This creates some important theoretical differences between those two target populations [31]. For example, one could create a DAG (Fig. 1 A) describing the relationship between age, cardiovascular health, and participation in the PHS among all men that are U.S. physicians (whether they were included in the trial or not) [29]. The edges in the DAG are causal relationships, meaning that if we were to intervene on these baseline characteristics in the population of male physicians in the U.S., it would alter their probability of inclusion in the study sample. Once we condition on study participation, there are no open backdoor paths from treatment to the outcome within the study sample. When creating an analogous DAG for the target population of men who are not U.S. physicians, we must address the fact that none of these people are sampled into the study and no intervention (aside from making them physicians) would impact their probability of study inclusion. A more theoretically accurate way to capture the differences between the two populations is with a selection diagram [5] (Fig. 1B). In these diagrams, S (and S’) nodes are drawn with “arrows” into nodes on the graph to represent variables where either the distribution of the variable (e.g., the age distribution of non-physician US males differs from the age distribution of male US physicians) or the relationships between other variables and the distribution of the variable (e.g., the effect of age on CV health is different for non-physician US males and male US physicians) differs. These arrows usually go from S to the nodes whose distributions differ across populations; unlike DAG arrows, these do not represent causal effects.

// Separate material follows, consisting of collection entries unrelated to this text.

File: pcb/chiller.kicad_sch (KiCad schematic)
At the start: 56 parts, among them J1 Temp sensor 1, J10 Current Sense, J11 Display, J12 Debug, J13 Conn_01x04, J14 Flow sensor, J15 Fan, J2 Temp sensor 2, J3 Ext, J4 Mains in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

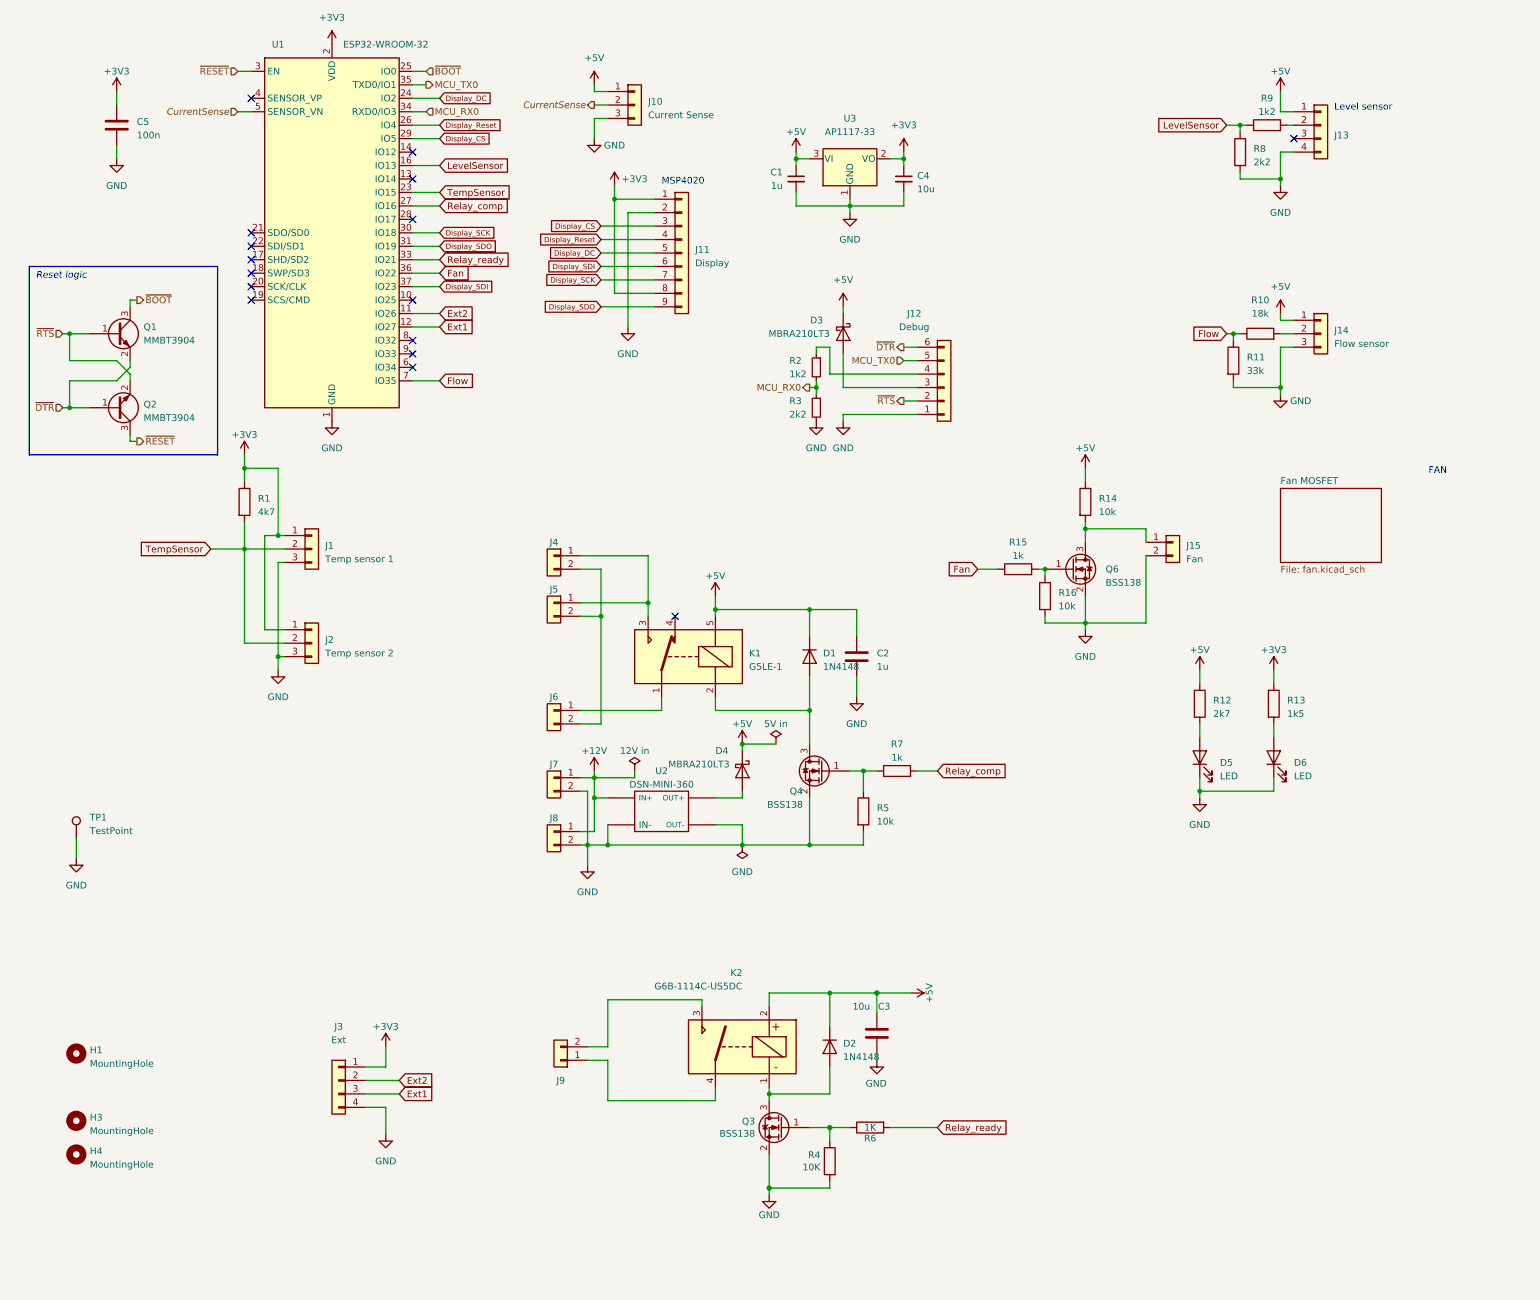
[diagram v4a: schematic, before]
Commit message: Add BOOT switch
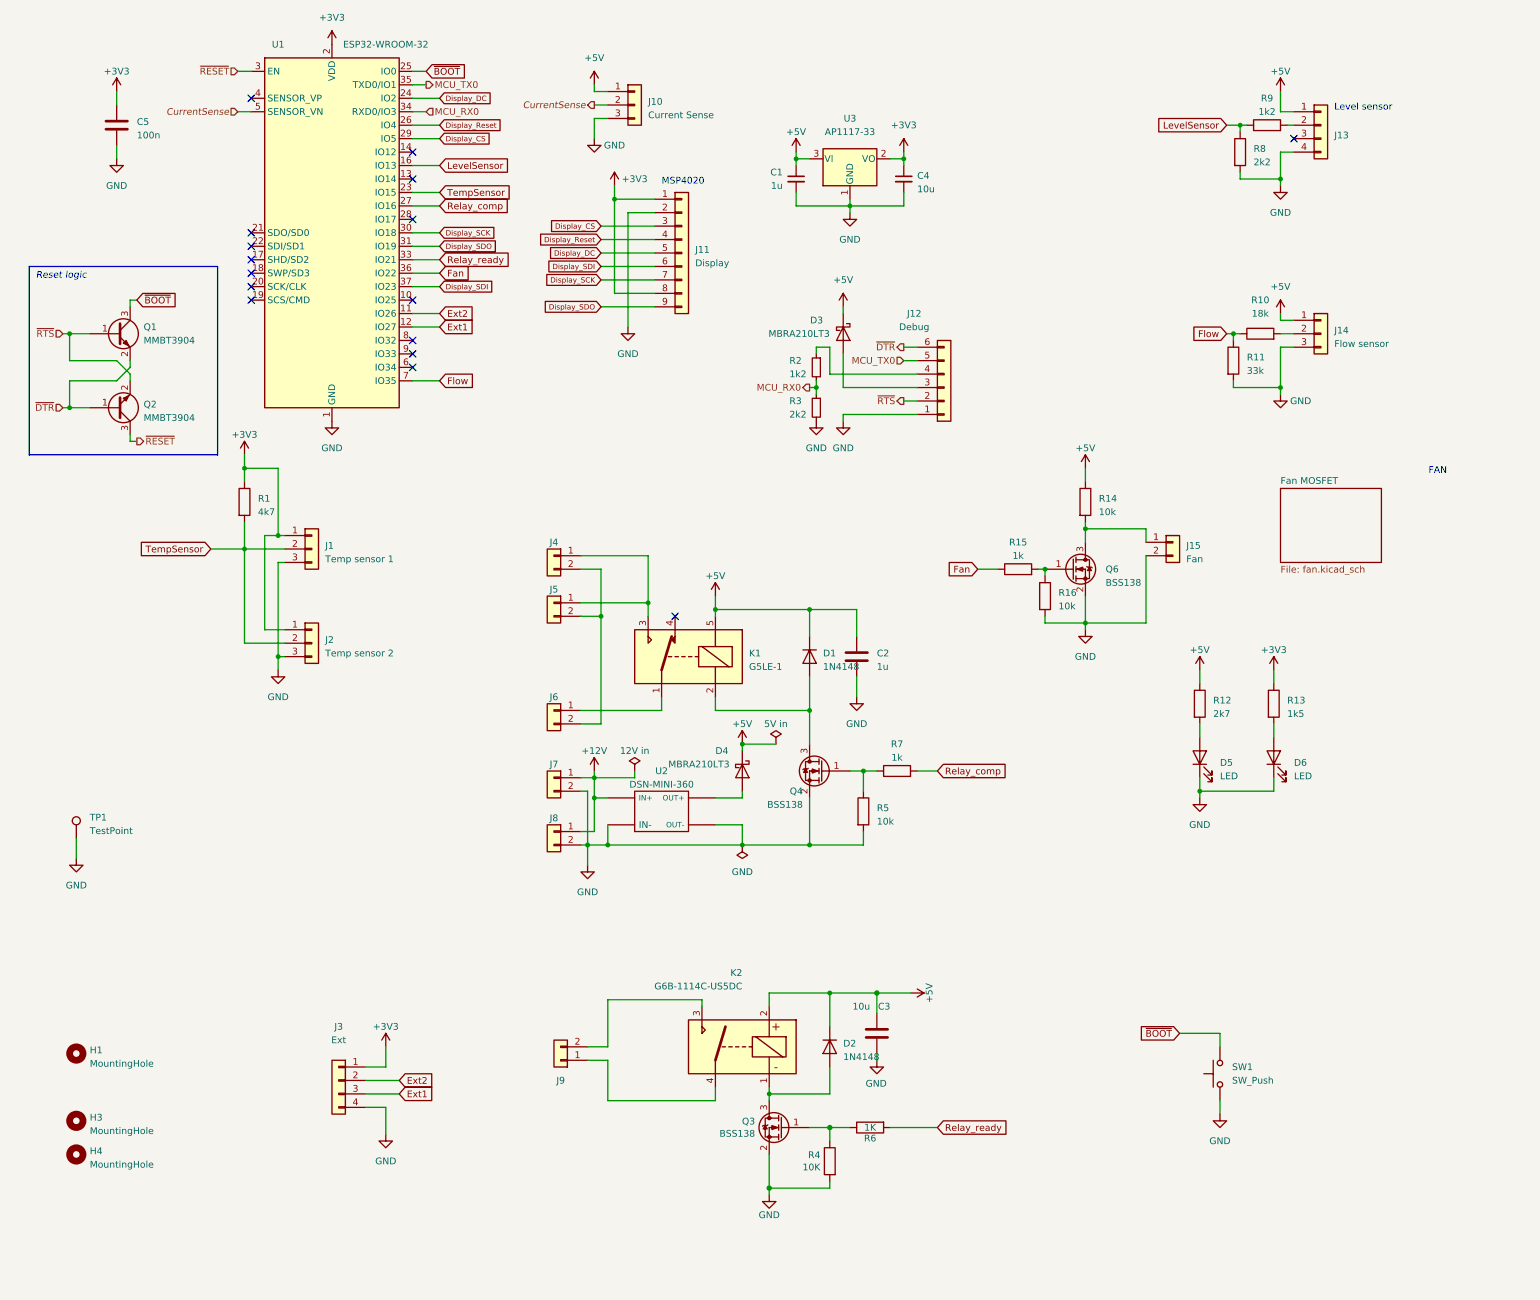
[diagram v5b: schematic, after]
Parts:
- added SW1: SW_Push, symbol Switch:SW_Push
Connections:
- net GND: now also SW1.1
- net ~{BOOT}: now also SW1.2
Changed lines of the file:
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@@
+    (stroke (width 0) (type default))
+  )
+  (wire (pts (xy 241.3 210.82) (xy 233.68 210.82))
     (stroke (width 0) (type default))
   )
@@
     (stroke (width 0) (type default))
   )
+  (wire (pts (xy 241.3 213.36) (xy 241.3 210.82))
+    (stroke (width 0) (type default))
+  )
   (wire (pts (xy 35.56 72.39) (xy 36.83 72.39))
     (stroke (width 0) (type default))
@@
   (wire (pts (xy 187.96 228.6) (xy 179.07 228.6))
     (stroke (width 0) (type solid))
+  )
+  (wire (pts (xy 241.3 223.52) (xy 241.3 226.06))
+    (stroke (width 0) (type default))
   )
   (wire (pts (xy 252.73 88.9) (xy 252.73 90.17))
@@
  (at 280.67 105.41 0)
     (effects (font (size 1.27 1.27)) (justify left bottom))
+  )
+  (global_label "~{BOOT}" (shape input) (at 36.83 72.39 0) (fields_autoplaced)
+    (effects (font (size 1.27 1.27)) (justify left))
+    (property "Intersheetrefs" "${INTERSHEET_REFS}" (at 44.7138 72.39 0)
+      (effects (font (size 1.27 1.27)) (justify left) hide)
+    )
   )
   (global_label "Relay_comp" (shape input) (at 93.98 54.61 0) (fields_autoplaced)
@@
     )
   )
+  (global_label "~{BOOT}" (shape input) (at 91.44 29.21 0) (fields_autoplaced)
+    (effects (font (size 1.27 1.27)) (justify left))
+    (property "Intersheetrefs" "${INTERSHEET_REFS}" (at 99.3238 29.21 0)
+      (effects (font (size 1.27 1.27)) (justify left) hide)
+    )
+  )
   (global_label "Display_Reset" (shape input) (at 93.98 39.37 0) (fields_autoplaced)
     (effects (font (size 1 1)) (justify left))
@@
     )
   )
+  (global_label "~{BOOT}" (shape input) (at 233.68 210.82 180) (fields_autoplaced)
+    (effects (font (size 1.27 1.27)) (justify right))
+    (property "Intersheetrefs" "${INTERSHEET_REFS}" (at 225.7962 210.82 0)
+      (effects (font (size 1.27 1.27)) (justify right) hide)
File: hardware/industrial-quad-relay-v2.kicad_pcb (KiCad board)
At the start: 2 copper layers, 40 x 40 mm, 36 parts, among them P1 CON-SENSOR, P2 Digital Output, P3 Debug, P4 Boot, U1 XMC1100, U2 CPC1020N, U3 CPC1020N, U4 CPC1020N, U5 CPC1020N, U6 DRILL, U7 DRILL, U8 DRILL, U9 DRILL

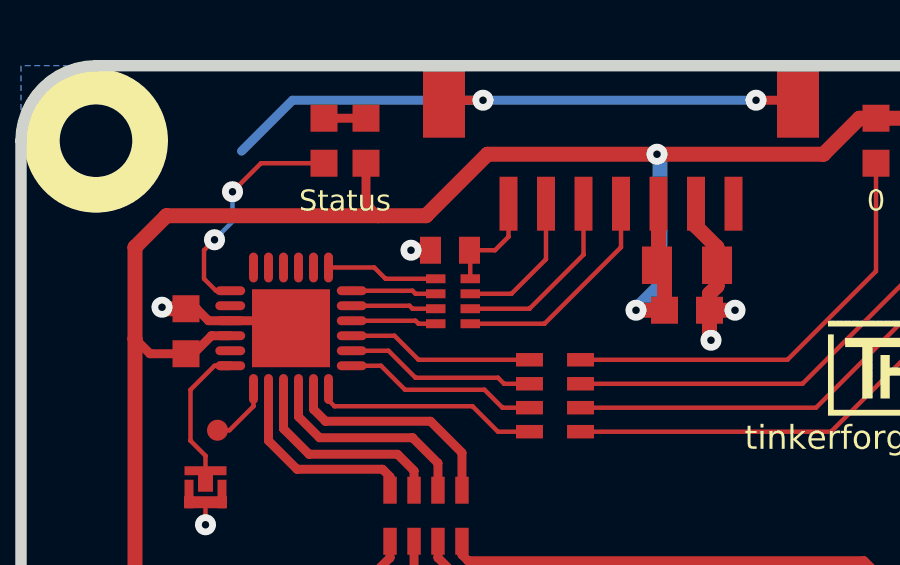
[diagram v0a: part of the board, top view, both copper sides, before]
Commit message: Change capacitor footprint(s) to C0402F
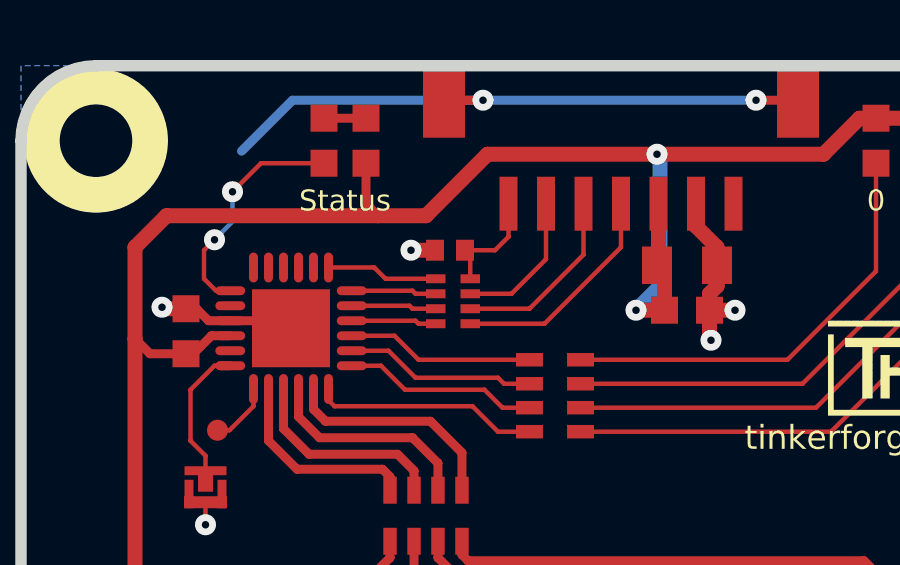
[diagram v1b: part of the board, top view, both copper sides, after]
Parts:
- C1, C4: footprint C0603F -> kicad-libraries:C0603F
- C2: footprint C0402E -> kicad-libraries:C0402F
- C3: footprint C0805 -> kicad-libraries:C0805
- D1, D2, D3, D4, D5: footprint D0603F -> kicad-libraries:D0603F
- P1: footprint CON-SENSOR2 -> kicad-libraries:CON-SENSOR2
- P2: footprint OQ_8P -> kicad-libraries:OQ_8P
- R1, R2, R3, R4: footprint R1210 -> kicad-libraries:R1210
- R5: footprint R0603F -> kicad-libraries:R0603F
- RP1, RP3: footprint 0603X4 -> kicad-libraries:0603X4
- U2, U3, U4, U5: footprint SOP4-WIDE -> kicad-libraries:SOP4-WIDE
- U6, U7, U8, U9: footprint DRILL_NP -> kicad-libraries:DRILL_NP
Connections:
- P1 pad 1: (no net) -> Net-(P1-Pad1)
- U1 pad 11: (no net) -> Net-(U1-Pad11)
- U1 pad 2: (no net) -> Net-(U1-Pad2)
- U1 pad 3: (no net) -> Net-(U1-Pad3)
- U1 pad 4: (no net) -> Net-(U1-Pad4)
- U1 pad 5: (no net) -> Net-(U1-Pad5)
- U1 pad 6: (no net) -> Net-(U1-Pad6)
- U1 pad 8: (no net) -> Net-(U1-Pad8)

Both situations involve external validity and potential type 2 selection bias [32], with “type 2” referring to the bias arising from the processes that “selected” the study population from the target population rather than a “type 1” bias arising from “selecting” the analytic sample from the study sample. They differ in how the study population relates to and is selected from the target population. When the study population is entirely sampled and actually selected from the target population (e.g., the wider population of U.S. physicians that are men), the issue concerns generalizability. When the target population is at least partially disjoint from the study population (e.g., U.S. men who are not physicians) and some individuals could not have been selected, it is a matter of transportability [4]. Sometimes, this distinction is conceptualized via figures like Fig. 2.
Though generalizing and transporting involve conceptual differences when reasoning about how study and target populations differ, analytic approaches to address each are analogous. In both settings, data from a source population is used to extend inferences to a target population. For the sake of standardized terminology and notation going forward, we will be operating under the assumption we are transporting effect estimates from a study population to a target population of separate individuals.
Transportability Conditions and Variable Selection
Suppose we are interested in using data from a study to estimate the effect of a binary treatment A on an outcome Y in a separate target population. The study comprises NS individuals indexed by i ∈ 1, …, NS, and the target population comprises NT individuals indexed by i ∈ NS + 1, …, NS + NT. Let Si = 1 if person i is included in the study, 0 otherwise. Additionally, some set of covariates, W, is collected in both populations. The observed data for an individual is Oi = {Si, Wi, SiAi, SiYi}. The transported average treatment effect (tATE) is defined as E(Y1−Y0|S=0), where Y1 and Y0 represent the potential outcomes under treatments A = 1 and A = 0, respectively. To identify the tATE from the observed data and in the absence of conditional exchangeability in the target population [28], several assumptions must be satisfied.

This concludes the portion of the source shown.